En el siglo noveno los monjes Cirilo y Metodio llevaron la palabra evangélica al mundo eslavo, y en el siglo décimo la reforma monástica de Cluny, iniciada por el abad San Bernon y continuada con éxito por sus cuatro sucesores, entre los cuales se destaca San Odilón, dio origen al movimiento devocional y renovador que configuró definitivamente la idea de Europa y de cuyo dinamismo brotó, en el siglo XI, San Gregorio VII y la denominada reforma gregoriana.
La verdadera ventaja de Cluny viene, por tanto, de haber tenido a la cabeza, sobre todo en los primeros cien años, hombres excepcionales por su temperamento, cultura, intuición organizadora y político y, sobre todo, dotados de un carisma espiritual arrebatador.
Se puede decir que el esplendor de esa época, se debió, en gran parte, a la influencia de la acción benéfica surgida de los claustros.
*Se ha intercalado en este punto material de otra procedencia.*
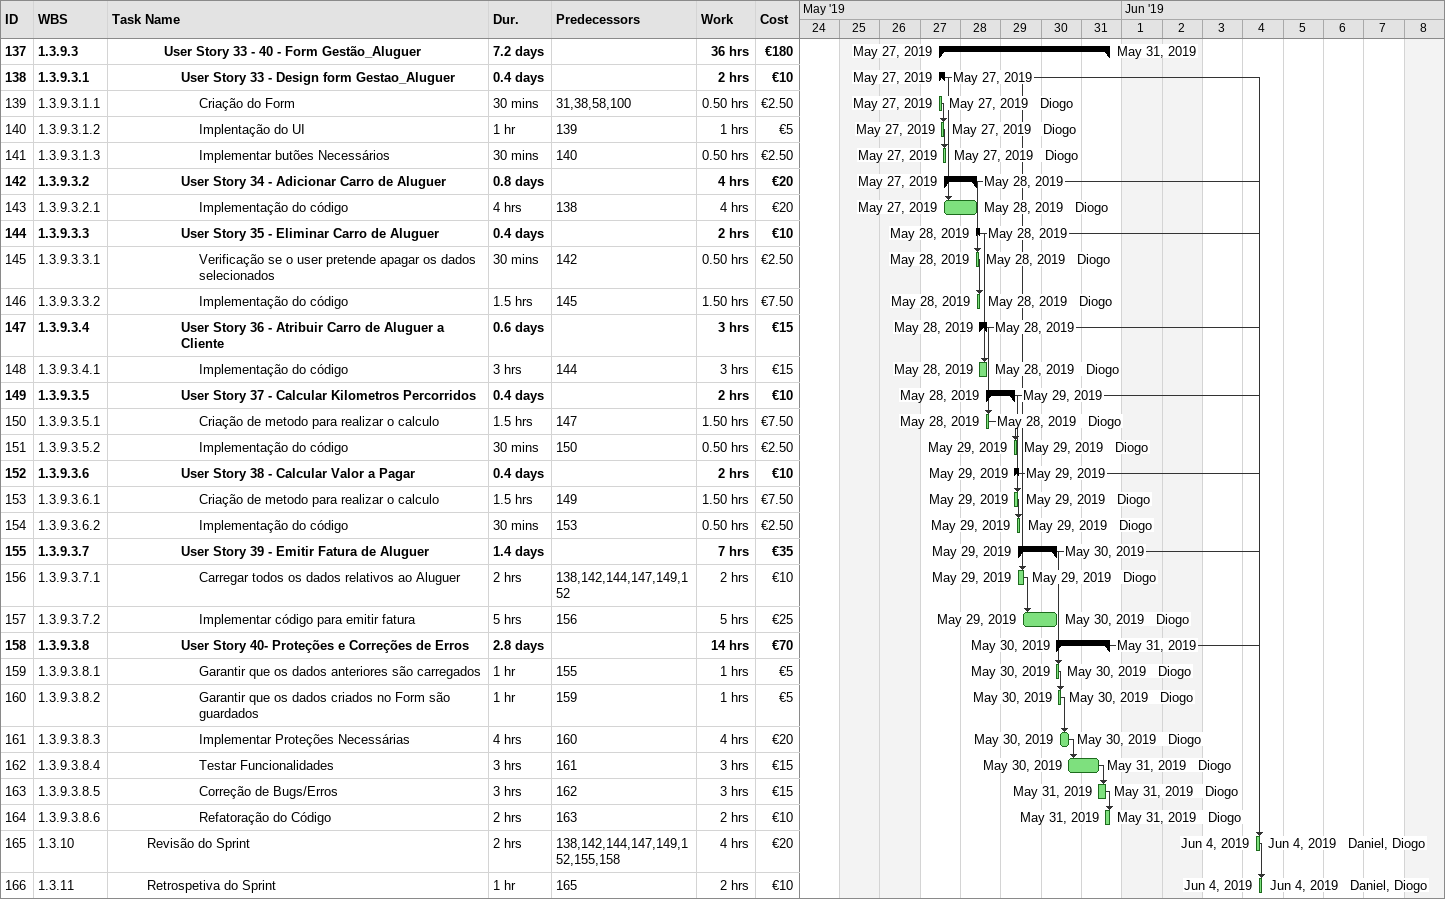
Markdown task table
| ID | WBS | Task | Duration | Start | Finish | Predecessors | Resources | Work (h) | Cost (€) |
|---|---|---|---|---|---|---|---|---|---|
| 137 | 1.3.9.3 | **User Story 33 - 40 - Form Gestão_Aluguer** | 7.2d | 2019-05-27 | 2019-05-31 |  |  | 36 | 180 |
| 138 | 1.3.9.3.1 | **User Story 33 - Design form Gestao_Aluguer** | 0.4d | 2019-05-27 | 2019-05-27 |  |  | 2 | 10 |
| 139 | 1.3.9.3.1.1 | Criação do Form | 30min | 2019-05-27 | 2019-05-27 | 31, 38, 58, 100 | Diogo | 0.50 | 2.50 |
| 140 | 1.3.9.3.1.2 | Implentação do UI | 1h | 2019-05-27 | 2019-05-27 | 139 | Diogo | 1 | 5 |
| 141 | 1.3.9.3.1.3 | Implementar butões Necessários | 30min | 2019-05-27 | 2019-05-27 | 140 | Diogo | 0.50 | 2.50 |
| 142 | 1.3.9.3.2 | **User Story 34 - Adicionar Carro de Aluguer** | 0.8d | 2019-05-27 | 2019-05-28 |  |  | 4 | 20 |
| 143 | 1.3.9.3.2.1 | Implementação do código | 4h | 2019-05-27 | 2019-05-28 | 138 | Diogo | 4 | 20 |
| 144 | 1.3.9.3.3 | **User Story 35 - Eliminar Carro de Aluguer** | 0.4d | 2019-05-28 | 2019-05-28 |  |  | 2 | 10 |
| 145 | 1.3.9.3.3.1 | Verificação se o user pretende apagar os dados selecionados | 30min | 2019-05-28 | 2019-05-28 | 142 | Diogo | 0.50 | 2.50 |
| 146 | 1.3.9.3.3.2 | Implementação do código | 1.5h | 2019-05-28 | 2019-05-28 | 145 | Diogo | 1.50 | 7.50 |
| 147 | 1.3.9.3.4 | **User Story 36 - Atribuir Carro de Aluguer a Cliente** | 0.6d | 2019-05-28 | 2019-05-28 |  |  | 3 | 15 |
| 148 | 1.3.9.3.4.1 | Implementação do código | 3h | 2019-05-28 | 2019-05-28 | 144 | Diogo | 3 | 15 |
| 149 | 1.3.9.3.5 | **User Story 37 - Calcular Kilometros Percorridos** | 0.4d | 2019-05-28 | 2019-05-29 |  |  | 2 | 10 |
| 150 | 1.3.9.3.5.1 | Criação de metodo para realizar o calculo | 1.5h | 2019-05-28 | 2019-05-28 | 147 | Diogo | 1.50 | 7.50 |
| 151 | 1.3.9.3.5.2 | Implementação do código | 30min | 2019-05-29 | 2019-05-29 | 150 | Diogo | 0.50 | 2.50 |
| 152 | 1.3.9.3.6 | **User Story 38 - Calcular Valor a Pagar** | 0.4d | 2019-05-29 | 2019-05-29 |  |  | 2 | 10 |
| 153 | 1.3.9.3.6.1 | Criação de metodo para realizar o calculo | 1.5h | 2019-05-29 | 2019-05-29 | 149 | Diogo | 1.50 | 7.50 |
| 154 | 1.3.9.3.6.2 | Implementação do código | 30min | 2019-05-29 | 2019-05-29 | 153 | Diogo | 0.50 | 2.50 |
| 155 | 1.3.9.3.7 | **User Story 39 - Emitir Fatura de Aluguer** | 1.4d | 2019-05-29 | 2019-05-30 |  |  | 7 | 35 |
| 156 | 1.3.9.3.7.1 | Carregar todos os dados relativos ao Aluguer | 2h | 2019-05-29 | 2019-05-29 | 138, 142, 144, 147, 149, 152 | Diogo | 2 | 10 |
| 157 | 1.3.9.3.7.2 | Implementar código para emitir fatura | 5h | 2019-05-29 | 2019-05-30 | 156 | Diogo | 5 | 25 |
| 158 | 1.3.9.3.8 | **User Story 40- Proteções e Correções de Erros** | 2.8d | 2019-05-30 | 2019-05-31 |  |  | 14 | 70 |
| 159 | 1.3.9.3.8.1 | Garantir que os dados anteriores são carregados | 1h | 2019-05-30 | 2019-05-30 | 155 | Diogo | 1 | 5 |
| 160 | 1.3.9.3.8.2 | Garantir que os dados criados no Form são guardados | 1h | 2019-05-30 | 2019-05-30 | 159 | Diogo | 1 | 5 |
| 161 | 1.3.9.3.8.3 | Implementar Proteções Necessárias | 4h | 2019-05-30 | 2019-05-30 | 160 | Diogo | 4 | 20 |
| 162 | 1.3.9.3.8.4 | Testar Funcionalidades | 3h | 2019-05-30 | 2019-05-31 | 161 | Diogo | 3 | 15 |
| 163 | 1.3.9.3.8.5 | Correção de Bugs/Erros | 3h | 2019-05-31 | 2019-05-31 | 162 | Diogo | 3 | 15 |
| 164 | 1.3.9.3.8.6 | Refatoração do Código | 2h | 2019-05-31 | 2019-05-31 | 163 | Diogo | 2 | 10 |
| 165 | 1.3.10 | Revisão do Sprint | 2h | 2019-06-04 | 2019-06-04 | 138, 142, 144, 147, 149, 152, 155, 158 | Daniel, Diogo | 4 | 20 |
| 166 | 1.3.11 | Retrospetiva do Sprint | 1h | 2019-06-04 | 2019-06-04 | 165 | Daniel, Diogo | 2 | 10 |
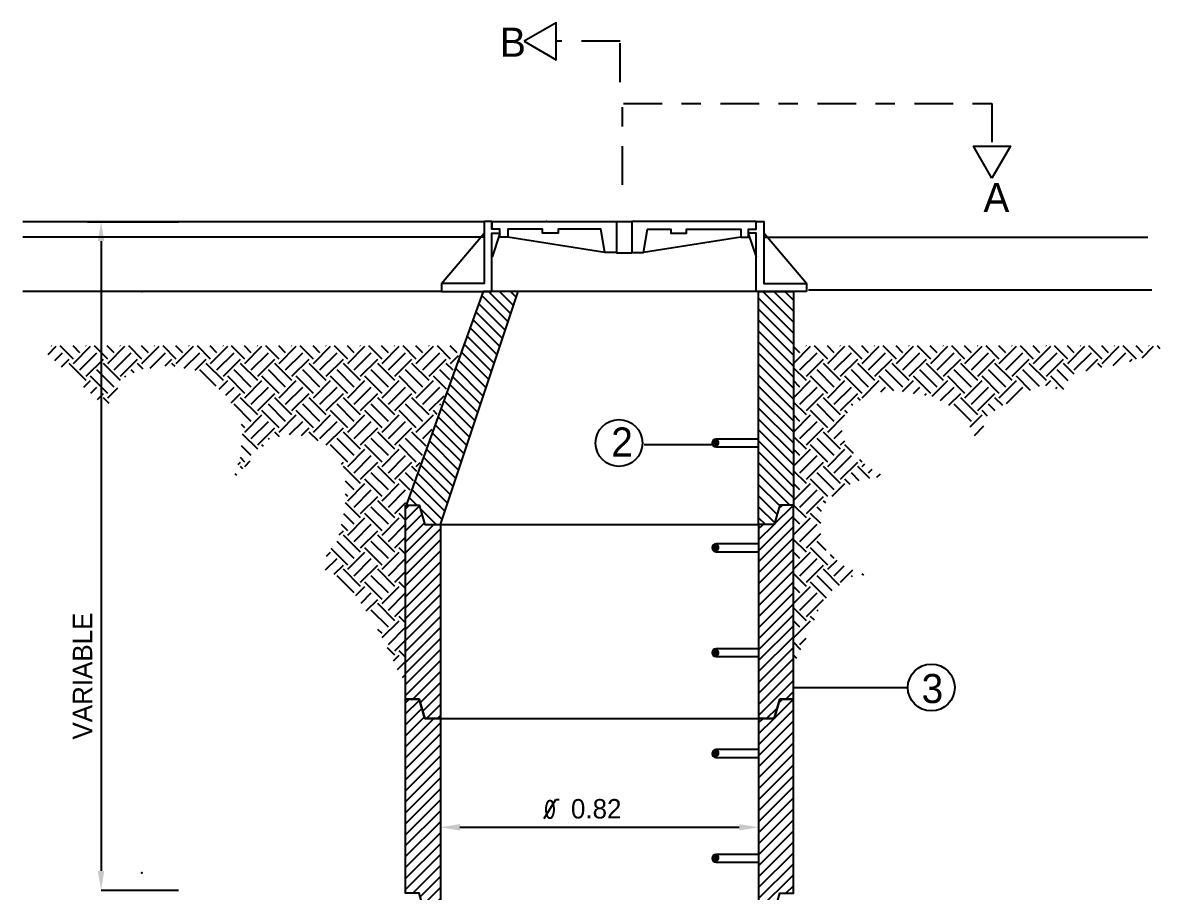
# Model space of a CAD drawing. Extents: x 0.2 to 16.1, y 0.2 to 12.8.
# Drawn here: x 2.18 to 8.04, y 8.37 to 12.84 of the extents above; entities that cross this region are included whole.
import ezdxf

# ---------------------------------------------------------------- set-up
doc = ezdxf.new("R2010")
doc.units = 0
doc.header["$LTSCALE"] = 0.4
doc.header["$MEASUREMENT"] = 0
doc.linetypes.add('DASHDOT', pattern=[1, 0.5, -0.25, 0, -0.25])
doc.layers.get('0').update_dxf_attribs({"linetype": 'CONTINUOUS'})
for name, color, linetype in [('ANILLO', 1, 'CONTINUOUS'), ('CERCHA', 2, 'CONTINUOUS'), ('RALLADO', 7, 'CONTINUOUS')]:
    doc.layers.add(name, color=color, linetype=linetype)
doc.styles.add('DIN', font='DIN')
doc.styles.add('LEROY', font='leroy')

# ---------------------------------------------------------------- blocks, each defined once
blk = doc.blocks.new('*X33')
at = {"color": 0}
for p, q in [((20.0297, 24.6259), (20.0438, 24.64)), ((20.1234, 24.579), (20.0642, 24.6383)), ((20.0863, 24.6383), (20.088, 24.64)), ((20.1194, 24.6051), (20.1543, 24.64)), ((20.1525, 24.572), (20.2206, 24.64)), ((20.3293, 24.5499), (20.2409, 24.6383)), ((20.263, 24.6383), (20.2648, 24.64)), ((20.2962, 24.6051), (20.3311, 24.64)), ((20.3293, 24.572), (20.3974, 24.64)), ((20.5061, 24.5499), (20.4177, 24.6383)), ((20.4398, 24.6383), (20.4416, 24.64)), ((20.473, 24.6051), (20.5078, 24.64)), ((20.5061, 24.572), (20.5741, 24.64)), ((20.6829, 24.5499), (20.5945, 24.6383)), ((20.6166, 24.6383), (20.6183, 24.64)), ((20.6497, 24.6051), (20.6846, 24.64)), ((20.6829, 24.572), (20.7509, 24.64)), ((20.8597, 24.5499), (20.7713, 24.6383)), ((20.7934, 24.6383), (20.7951, 24.64)), ((20.8265, 24.6051), (20.8614, 24.64)), ((20.8597, 24.572), (20.9277, 24.64)), ((21.0364, 24.5499), (20.948, 24.6383)), ((20.9701, 24.6383), (20.9719, 24.64)), ((21.0033, 24.6051), (21.0382, 24.64)), ((21.0364, 24.572), (21.1045, 24.64)), ((21.2132, 24.5499), (21.1248, 24.6383)), ((21.1469, 24.6383), (21.1487, 24.64)), ((21.1801, 24.6051), (21.215, 24.64)), ((21.2132, 24.572), (21.2812, 24.64)), ((21.39, 24.5499), (21.3016, 24.6383)), ((21.3237, 24.6383), (21.3254, 24.64)), ((21.3568, 24.6051), (21.3917, 24.64)), ((21.39, 24.572), (21.458, 24.64)), ((21.5668, 24.5499), (21.4784, 24.6383)), ((21.5005, 24.6383), (21.5022, 24.64)), ((21.5336, 24.6051), (21.5685, 24.64)), ((21.5668, 24.572), (21.6348, 24.64)), ((21.7435, 24.5499), (21.6551, 24.6383)), ((21.6772, 24.6383), (21.679, 24.64)), ((21.7104, 24.6051), (21.7453, 24.64)), ((21.7435, 24.572), (21.8116, 24.64)), ((21.92, 24.5502), (21.8319, 24.6383)), ((21.854, 24.6383), (21.8558, 24.64)), ((21.8872, 24.6051), (21.92, 24.6379)), ((23.6549, 24.6051), (23.6898, 24.64)), ((23.6881, 24.572), (23.7561, 24.64)), ((23.8649, 24.5499), (23.7765, 24.6383)), ((23.7986, 24.6383), (23.8003, 24.64)), ((23.8317, 24.6051), (23.8666, 24.64)), ((23.8649, 24.572), (23.9329, 24.64)), ((24.0416, 24.5499), (23.9532, 24.6383)), ((23.9753, 24.6383), (23.9771, 24.64)), ((24.0085, 24.6051), (24.0434, 24.64)), ((24.0416, 24.572), (24.1097, 24.64)), ((24.2184, 24.5499), (24.13, 24.6383)), ((24.1521, 24.6383), (24.1539, 24.64)), ((24.1853, 24.6051), (24.2202, 24.64)), ((24.2184, 24.572), (24.2864, 24.64)), ((24.3952, 24.5499), (24.3068, 24.6383)), ((24.3289, 24.6383), (24.3306, 24.64)), ((24.362, 24.6051), (24.3969, 24.64)), ((24.3952, 24.572), (24.4632, 24.64)), ((24.572, 24.5499), (24.4836, 24.6383)), ((24.5057, 24.6383), (24.5074, 24.64)), ((24.5388, 24.6051), (24.5737, 24.64)), ((24.572, 24.572), (24.64, 24.64)), ((24.7487, 24.5499), (24.6603, 24.6383)), ((24.6824, 24.6383), (24.6842, 24.64)), ((24.7156, 24.6051), (24.7505, 24.64)), ((24.7487, 24.572), (24.8168, 24.64)), ((24.9255, 24.5499), (24.8371, 24.6383)), ((24.8592, 24.6383), (24.861, 24.64)), ((24.8924, 24.6051), (24.9273, 24.64)), ((24.9255, 24.572), (24.9936, 24.64)), ((25.1023, 24.5499), (25.0139, 24.6383)), ((25.036, 24.6383), (25.0377, 24.64)), ((25.0691, 24.6051), (25.104, 24.64)), ((25.1023, 24.572), (25.1703, 24.64)), ((25.2791, 24.5499), (25.1907, 24.6383)), ((25.2128, 24.6383), (25.2145, 24.64)), ((25.2459, 24.6051), (25.2808, 24.64)), ((25.2791, 24.572), (25.3471, 24.64)), ((25.4558, 24.5499), (25.3675, 24.6383)), ((25.3896, 24.6383), (25.3913, 24.64)), ((25.4227, 24.6051), (25.4576, 24.64)), ((25.4558, 24.572), (25.5239, 24.64)), ((25.6326, 24.5499), (25.5442, 24.6383)), ((25.5663, 24.6383), (25.5681, 24.64)), ((25.5995, 24.6051), (25.6344, 24.64)), ((25.6326, 24.572), (25.7007, 24.64)), ((25.7626, 24.5967), (25.721, 24.6383)), ((25.7431, 24.6383), (25.7449, 24.64)), ((20.1866, 24.56), (20.1746, 24.572)), ((20.2728, 24.5401), (20.2078, 24.6051)), ((20.4121, 24.5112), (20.3514, 24.572)), ((20.473, 24.5167), (20.3846, 24.6051)), ((20.6166, 24.4836), (20.5282, 24.572)), ((20.6497, 24.5167), (20.5613, 24.6051)), ((20.7934, 24.4836), (20.705, 24.572)), ((20.8265, 24.5167), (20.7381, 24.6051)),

Los grandes vuelos del orden temporal tuvieron su raíz en esos movimientos soplados por la gracia en el seno de la Iglesia, ya que la misión de estos no se limitaba apenas al empeño por la santificación de sus miembros, sino se extendía para el resto de la sociedad, visando su sacralización.
No es posible cerrar los ojos a la acción benéfica que ejercen los monjes universalmente no solo en los monasterios de todo Occidente, sino en las cortes de los reyes y los papas, en los palacios de los obispos y los castillos de los nobles. Ellos ponen en todas partes la levadura evangélica, que, tarde o temprano, fermenta y produce frutos de santidad, de espiritualidad, de reforma de las costumbres (cfr. LLORCA et at. 2003, p. 243).